Though while we all use it all the time, it would seem this rule is somewhat forgotten by some people when they are planning their wedding. For me I would love to have a 4th generation late 50’s (‘58 or ‘59) Cadillac Sedan de Ville replete in chrome and 500cc 8.2 L V8 pumping out when new an obscene 400bhp/298kw. Nothing signalled the post war industrial might and optimism of the US like a big block V8 and 6000lbs of sedan.
However the cost of getting one up to Vail for what is in essence about 5 minutes driving between the relevant locations is substantial, and when I consider the utility to be obtained from the extra expenditure, well it just doesn’t give the return that I can get from being in a nice E60 530i which comes at a sensationally good cost/utility rating. It’s not a Sedan de Ville but it does happen to get people from the church to the reception… and given the advancements in engineering probably with a higher probability of success.
This is just one example of considering the incremental value obtained from further expenditure which you can undertake to spend as part of planning a wedding. The opportunities are ENDLESS to spend more and more and more on adding this little bit and that little bit. But at the end of the day, can you actually demonstrate that you have obtained an appropriate return on that extra investment?
I would consider success in wedding planning to be a happy bride (parents I know would like to add their name to this as well, however they would – push come to shove – agree it is about the bride!). So then the question at the end of the day is, does that extra $2x item that you’ve obtained versus the $1x option deliver you twice as much happiness? If it doesn’t, then why in the hell are you getting it?! For some the 90ft stretch pink Hummer H2 might just deliver the requisite improvement in happiness. For others its driving around the corner and out of view will herald the delivery of an equal improvement in happiness.
The happiness of friends and family come into play here as well.

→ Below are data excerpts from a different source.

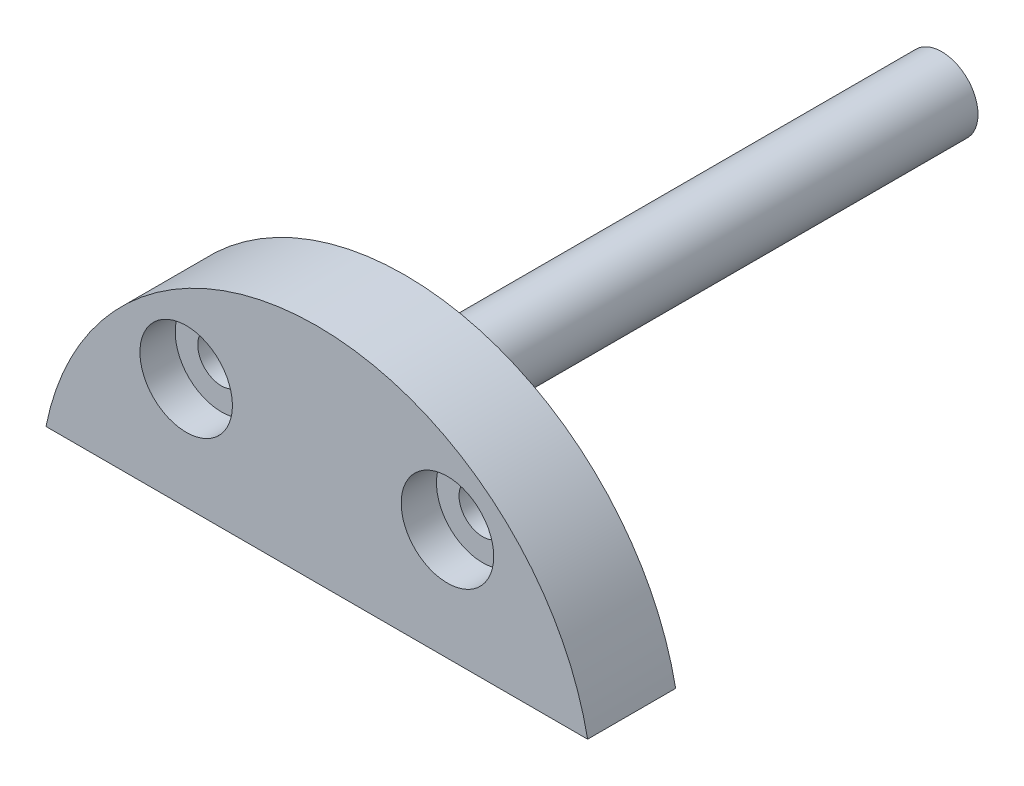
ISO-10303-21;
HEADER;
FILE_DESCRIPTION(('STEP AP214'),'2;1');
FILE_NAME('part.step','',(''),(''),'','','');
FILE_SCHEMA(('AUTOMOTIVE_DESIGN { 1 0 10303 214 1 1 1 1 }'));
ENDSEC;
DATA;
#1=APPLICATION_CONTEXT('core data for automotive mechanical design processes');
#2=APPLICATION_PROTOCOL_DEFINITION('international standard','automotive_design',2000,#1);
#3=PRODUCT_CONTEXT('',#1,'mechanical');
#4=PRODUCT('Part','Part','',(#3));
#5=PRODUCT_RELATED_PRODUCT_CATEGORY('part','',(#4));
#6=PRODUCT_DEFINITION_FORMATION('','',#4);
#7=PRODUCT_DEFINITION_CONTEXT('part definition',#1,'design');
#8=PRODUCT_DEFINITION('design','',#6,#7);
#9=PRODUCT_DEFINITION_SHAPE('','',#8);
#10=(LENGTH_UNIT() NAMED_UNIT(*) SI_UNIT(.MILLI.,.METRE.));
#11=(NAMED_UNIT(*) PLANE_ANGLE_UNIT() SI_UNIT($,.RADIAN.));
#12=(NAMED_UNIT(*) SI_UNIT($,.STERADIAN.) SOLID_ANGLE_UNIT());
#13=UNCERTAINTY_MEASURE_WITH_UNIT(LENGTH_MEASURE(1.E-05),#10,'distance_accuracy_value','');
#14=(GEOMETRIC_REPRESENTATION_CONTEXT(3) GLOBAL_UNCERTAINTY_ASSIGNED_CONTEXT((#13)) GLOBAL_UNIT_ASSIGNED_CONTEXT((#10,
#11,#12)) REPRESENTATION_CONTEXT('',''));
#15=CARTESIAN_POINT('',(0.,0.,0.));
#16=DIRECTION('',(0.,0.,1.));
#17=DIRECTION('',(1.,0.,0.));
#18=AXIS2_PLACEMENT_3D('',#15,#16,#17);
#19=CARTESIAN_POINT('',(14.3340852567701,12.215,-68.571));
#20=DIRECTION('',(0.,0.,1.));
#21=DIRECTION('',(1.,0.,0.));
#22=AXIS2_PLACEMENT_3D('',#19,#20,#21);
#23=CYLINDRICAL_SURFACE('',#22,2.6);
#24=CARTESIAN_POINT('',(14.3340852567701,12.215,-9.66));
#25=DIRECTION('',(0.,0.,-1.));
#26=DIRECTION('',(-1.,0.,0.));
#27=AXIS2_PLACEMENT_3D('',#24,#25,#26);
#28=CIRCLE('',#27,2.6);
#29=CARTESIAN_POINT('',(11.7340852567701,12.215,-9.66));
#30=VERTEX_POINT('',#29);
#31=EDGE_CURVE('E101',#30,#30,#28,.F.);
#32=ORIENTED_EDGE('',*,*,#31,.F.);
#33=EDGE_LOOP('',(#32));
#34=FACE_BOUND('',#33,.T.);
#35=CARTESIAN_POINT('',(14.3340852567701,12.215,-3.87));
#36=DIRECTION('',(0.,0.,1.));
#37=DIRECTION('',(1.,0.,0.));
#38=AXIS2_PLACEMENT_3D('',#35,#36,#37);
#39=CIRCLE('',#38,2.6);
#40=CARTESIAN_POINT('',(16.9340852567701,12.215,-3.87));
#41=VERTEX_POINT('',#40);
#42=EDGE_CURVE('E45',#41,#41,#39,.F.);
#43=ORIENTED_EDGE('',*,*,#42,.F.);
#44=EDGE_LOOP('',(#43));
#45=FACE_BOUND('',#44,.T.);
#46=ADVANCED_FACE('F41',(#34,#45),#23,.F.);
#47=CARTESIAN_POINT('',(-14.3340852567701,12.215,-68.571));
#48=DIRECTION('',(0.,0.,1.));
#49=DIRECTION('',(1.,0.,0.));
#50=AXIS2_PLACEMENT_3D('',#47,#48,#49);
#51=CYLINDRICAL_SURFACE('',#50,2.6);
#52=CARTESIAN_POINT('',(-14.3340852567701,12.215,-9.66));
#53=DIRECTION('',(0.,0.,-1.));
#54=DIRECTION('',(-1.,0.,0.));
#55=AXIS2_PLACEMENT_3D('',#52,#53,#54);
#56=CIRCLE('',#55,2.6);
#57=CARTESIAN_POINT('',(-16.9340852567701,12.215,-9.66));
#58=VERTEX_POINT('',#57);
#59=EDGE_CURVE('E119',#58,#58,#56,.F.);
#60=ORIENTED_EDGE('',*,*,#59,.F.);
#61=EDGE_LOOP('',(#60));
#62=FACE_BOUND('',#61,.T.);
#63=CARTESIAN_POINT('',(-14.3340852567701,12.215,-3.87));
#64=DIRECTION('',(0.,0.,1.));
#65=DIRECTION('',(1.,0.,0.));
#66=AXIS2_PLACEMENT_3D('',#63,#64,#65);
#67=CIRCLE('',#66,2.6);
#68=CARTESIAN_POINT('',(-11.7340852567701,12.215,-3.87));
#69=VERTEX_POINT('',#68);
#70=EDGE_CURVE('E92',#69,#69,#67,.F.);
#71=ORIENTED_EDGE('',*,*,#70,.F.);
#72=EDGE_LOOP('',(#71));
#73=FACE_BOUND('',#72,.T.);
#74=ADVANCED_FACE('F154',(#62,#73),#51,.F.);
#75=CARTESIAN_POINT('',(0.,-5.85665830945559,-9.66));
#76=DIRECTION('',(0.,0.,1.));
#77=DIRECTION('',(1.,0.,0.));
#78=AXIS2_PLACEMENT_3D('',#75,#76,#77);
#79=CYLINDRICAL_SURFACE('',#78,30.2866583094556);
#80=CARTESIAN_POINT('',(0.,-5.85665830945559,0.));
#81=DIRECTION('',(0.,0.,1.));
#82=DIRECTION('',(-1.,0.,0.));
#83=AXIS2_PLACEMENT_3D('',#80,#81,#82);
#84=CIRCLE('',#83,30.2866583094556);
#85=CARTESIAN_POINT('',(29.715,0.,0.));
#86=VERTEX_POINT('',#85);
#87=CARTESIAN_POINT('',(-29.715,0.,0.));
#88=VERTEX_POINT('',#87);
#89=EDGE_CURVE('E78',#86,#88,#84,.T.);
#90=ORIENTED_EDGE('',*,*,#89,.F.);
#91=DIRECTION('',(0.,0.,1.));
#92=VECTOR('',#91,1.);
#93=CARTESIAN_POINT('',(29.715,0.,-9.66));
#94=LINE('',#93,#92);
#95=CARTESIAN_POINT('',(29.715,0.,-9.66));
#96=VERTEX_POINT('',#95);
#97=EDGE_CURVE('E52',#96,#86,#94,.T.);
#98=ORIENTED_EDGE('',*,*,#97,.F.);
#99=CARTESIAN_POINT('',(0.,-5.85665830945559,-9.66));
#100=DIRECTION('',(0.,0.,1.));
#101=DIRECTION('',(-1.,0.,0.));
#102=AXIS2_PLACEMENT_3D('',#99,#100,#101);
#103=CIRCLE('',#102,30.2866583094556);
#104=CARTESIAN_POINT('',(-29.715,0.,-9.66));
#105=VERTEX_POINT('',#104);
#106=EDGE_CURVE('E85',#96,#105,#103,.T.);
#107=ORIENTED_EDGE('',*,*,#106,.T.);
#108=DIRECTION('',(0.,0.,1.));
#109=VECTOR('',#108,1.);
#110=CARTESIAN_POINT('',(-29.715,0.,-9.66));
#111=LINE('',#110,#109);
#112=EDGE_CURVE('E66',#105,#88,#111,.T.);
#113=ORIENTED_EDGE('',*,*,#112,.T.);
#114=EDGE_LOOP('',(#90,#98,#107,#113));
#115=FACE_BOUND('',#114,.T.);
#116=ADVANCED_FACE('F43',(#115),#79,.T.);
#117=CARTESIAN_POINT('',(-29.715,0.,-9.66));
#118=DIRECTION('',(0.,-1.,0.));
#119=DIRECTION('',(0.,0.,-1.));
#120=AXIS2_PLACEMENT_3D('',#117,#118,#119);
#121=PLANE('',#120);
#122=DIRECTION('',(1.,0.,0.));
#123=VECTOR('',#122,1.);
#124=CARTESIAN_POINT('',(-29.715,0.,0.));
#125=LINE('',#124,#123);
#126=EDGE_CURVE('E73',#88,#86,#125,.T.);
#127=ORIENTED_EDGE('',*,*,#126,.F.);
#128=ORIENTED_EDGE('',*,*,#112,.F.);
#129=DIRECTION('',(1.,0.,0.));
#130=VECTOR('',#129,1.);
#131=CARTESIAN_POINT('',(-29.715,0.,-9.66));
#132=LINE('',#131,#130);
#133=EDGE_CURVE('E75',#105,#96,#132,.T.);
#134=ORIENTED_EDGE('',*,*,#133,.T.);
#135=ORIENTED_EDGE('',*,*,#97,.T.);
#136=EDGE_LOOP('',(#127,#128,#134,#135));
#137=FACE_BOUND('',#136,.T.);
#138=ADVANCED_FACE('F71',(#137),#121,.T.);
#139=CARTESIAN_POINT('',(0.,-5.85665830945559,-9.66));
#140=DIRECTION('',(0.,0.,-1.));
#141=DIRECTION('',(-1.,0.,0.));
#142=AXIS2_PLACEMENT_3D('',#139,#140,#141);
#143=PLANE('',#142);
#144=ORIENTED_EDGE('',*,*,#59,.T.);
#145=EDGE_LOOP('',(#144));
#146=FACE_BOUND('',#145,.T.);
#147=ORIENTED_EDGE('',*,*,#31,.T.);
#148=EDGE_LOOP('',(#147));
#149=FACE_BOUND('',#148,.T.);
#150=CARTESIAN_POINT('',(0.,12.215,-9.66));
#151=DIRECTION('',(0.,0.,-1.));
#152=DIRECTION('',(-1.,0.,0.));
#153=AXIS2_PLACEMENT_3D('',#150,#151,#152);
#154=CIRCLE('',#153,3.98);
#155=CARTESIAN_POINT('',(3.98,12.215,-9.65999999999999));
#156=VERTEX_POINT('',#155);
#157=EDGE_CURVE('E11',#156,#156,#154,.T.);
#158=ORIENTED_EDGE('',*,*,#157,.F.);
#159=EDGE_LOOP('',(#158));
#160=FACE_BOUND('',#159,.T.);
#161=ORIENTED_EDGE('',*,*,#106,.F.);
#162=ORIENTED_EDGE('',*,*,#133,.F.);
#163=EDGE_LOOP('',(#161,#162));
#164=FACE_BOUND('',#163,.T.);
#165=ADVANCED_FACE('F139',(#146,#149,#160,#164),#143,.T.);
#166=CARTESIAN_POINT('',(0.,-5.85665830945559,0.));
#167=DIRECTION('',(0.,0.,-1.));
#168=DIRECTION('',(-1.,0.,0.));
#169=AXIS2_PLACEMENT_3D('',#166,#167,#168);
#170=PLANE('',#169);
#171=CARTESIAN_POINT('',(14.3340852567701,12.215,0.));
#172=DIRECTION('',(0.,0.,1.));
#173=DIRECTION('',(1.,0.,0.));
#174=AXIS2_PLACEMENT_3D('',#171,#172,#173);
#175=CIRCLE('',#174,5.075);
#176=CARTESIAN_POINT('',(19.4090852567701,12.215,0.));
#177=VERTEX_POINT('',#176);
#178=EDGE_CURVE('E103',#177,#177,#175,.T.);
#179=ORIENTED_EDGE('',*,*,#178,.F.);
#180=EDGE_LOOP('',(#179));
#181=FACE_BOUND('',#180,.T.);
#182=CARTESIAN_POINT('',(-14.3340852567701,12.215,0.));
#183=DIRECTION('',(0.,0.,1.));
#184=DIRECTION('',(1.,0.,0.));
#185=AXIS2_PLACEMENT_3D('',#182,#183,#184);
#186=CIRCLE('',#185,5.075);
#187=CARTESIAN_POINT('',(-9.25908525677012,12.215,0.));
#188=VERTEX_POINT('',#187);
#189=EDGE_CURVE('E115',#188,#188,#186,.T.);
#190=ORIENTED_EDGE('',*,*,#189,.F.);
#191=EDGE_LOOP('',(#190));
#192=FACE_BOUND('',#191,.T.);
#193=ORIENTED_EDGE('',*,*,#89,.T.);
#194=ORIENTED_EDGE('',*,*,#126,.T.);
#195=EDGE_LOOP('',(#193,#194));
#196=FACE_BOUND('',#195,.T.);
#197=ADVANCED_FACE('F83',(#181,#192,#196),#170,.F.);
#198=CARTESIAN_POINT('',(0.,12.215,-68.57));
#199=DIRECTION('',(0.,0.,1.));
#200=DIRECTION('',(1.,0.,0.));
#201=AXIS2_PLACEMENT_3D('',#198,#199,#200);
#202=CYLINDRICAL_SURFACE('',#201,3.98);
#203=CARTESIAN_POINT('',(0.,12.215,-68.57));
#204=DIRECTION('',(0.,0.,-1.));
#205=DIRECTION('',(-1.,0.,0.));
#206=AXIS2_PLACEMENT_3D('',#203,#204,#205);
#207=CIRCLE('',#206,3.98);
#208=CARTESIAN_POINT('',(3.98,12.215,-68.57));
#209=VERTEX_POINT('',#208);
#210=EDGE_CURVE('E81',#209,#209,#207,.T.);
#211=CARTESIAN_POINT('',(3.98,12.215,-68.57));
#212=CARTESIAN_POINT('',(3.98,12.215,-67.9563541666666));
#213=CARTESIAN_POINT('',(3.98,12.215,-67.3427083333333));
#214=CARTESIAN_POINT('',(3.98,12.215,-66.1154166666667));
#215=CARTESIAN_POINT('',(3.98,12.215,-65.5017708333333));
#216=CARTESIAN_POINT('',(3.98,12.215,-64.2744791666667));
#217=CARTESIAN_POINT('',(3.98,12.215,-63.6608333333333));
#218=CARTESIAN_POINT('',(3.98,12.215,-62.4335416666667));
#219=CARTESIAN_POINT('',(3.98,12.215,-61.8198958333333));
#220=CARTESIAN_POINT('',(3.98,12.215,-60.5926041666667));
#221=CARTESIAN_POINT('',(3.98,12.215,-59.9789583333333));
#222=CARTESIAN_POINT('',(3.98,12.215,-58.7516666666667));
#223=CARTESIAN_POINT('',(3.98,12.215,-58.1380208333333));
#224=CARTESIAN_POINT('',(3.98,12.215,-56.9107291666667));
#225=CARTESIAN_POINT('',(3.98,12.215,-56.2970833333333));
#226=CARTESIAN_POINT('',(3.98,12.215,-55.0697916666667));
#227=CARTESIAN_POINT('',(3.98,12.215,-54.4561458333333));
#228=CARTESIAN_POINT('',(3.98,12.215,-53.2288541666667));
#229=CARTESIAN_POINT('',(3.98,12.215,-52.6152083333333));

The happier they are, the happier the bride is, and no one wants to be in a room full of indulgent friends getting belligerent over the lack of 1945 Chateau Mouton-Rothschild Jeroboam or 1787 Chateau Lafitte or Château Pétrus. However their issues and the utility of their happiness can stop increasing the happiness of the bride. I’m sure if they were stuck in a permanent state of euphoria due to the Pétrus they may not want to talk to the bride. This would be akin to a withdrawal from the bride’s emotional bank account – but way of a ram raid or small gas cylinder originated improved explosive chained to the ATM. One does not want to take to the bank with such callous disregard for the groom, who will be with the bride post event! No amount of driving in the 59 DeVille is going to resurrect I fear.
And so I shall get to the point of this pontificating before the audience is nonexistent.
Part of delivering an exceptional wedding experience is delivering incremental value along through every decision made in its planning. Accordingly you must ask what is the incremental value each decision is offering you and is it worth/delivering what it costs?
Consider this: What if your wedding was empty?
What if you took everything out of the wedding except for the bare minimum – a priest and some chairs?
Would your guests still come along for the big day?
I think they are the fundamental questions since they define the true incremental value your wedding planning decisions deliver.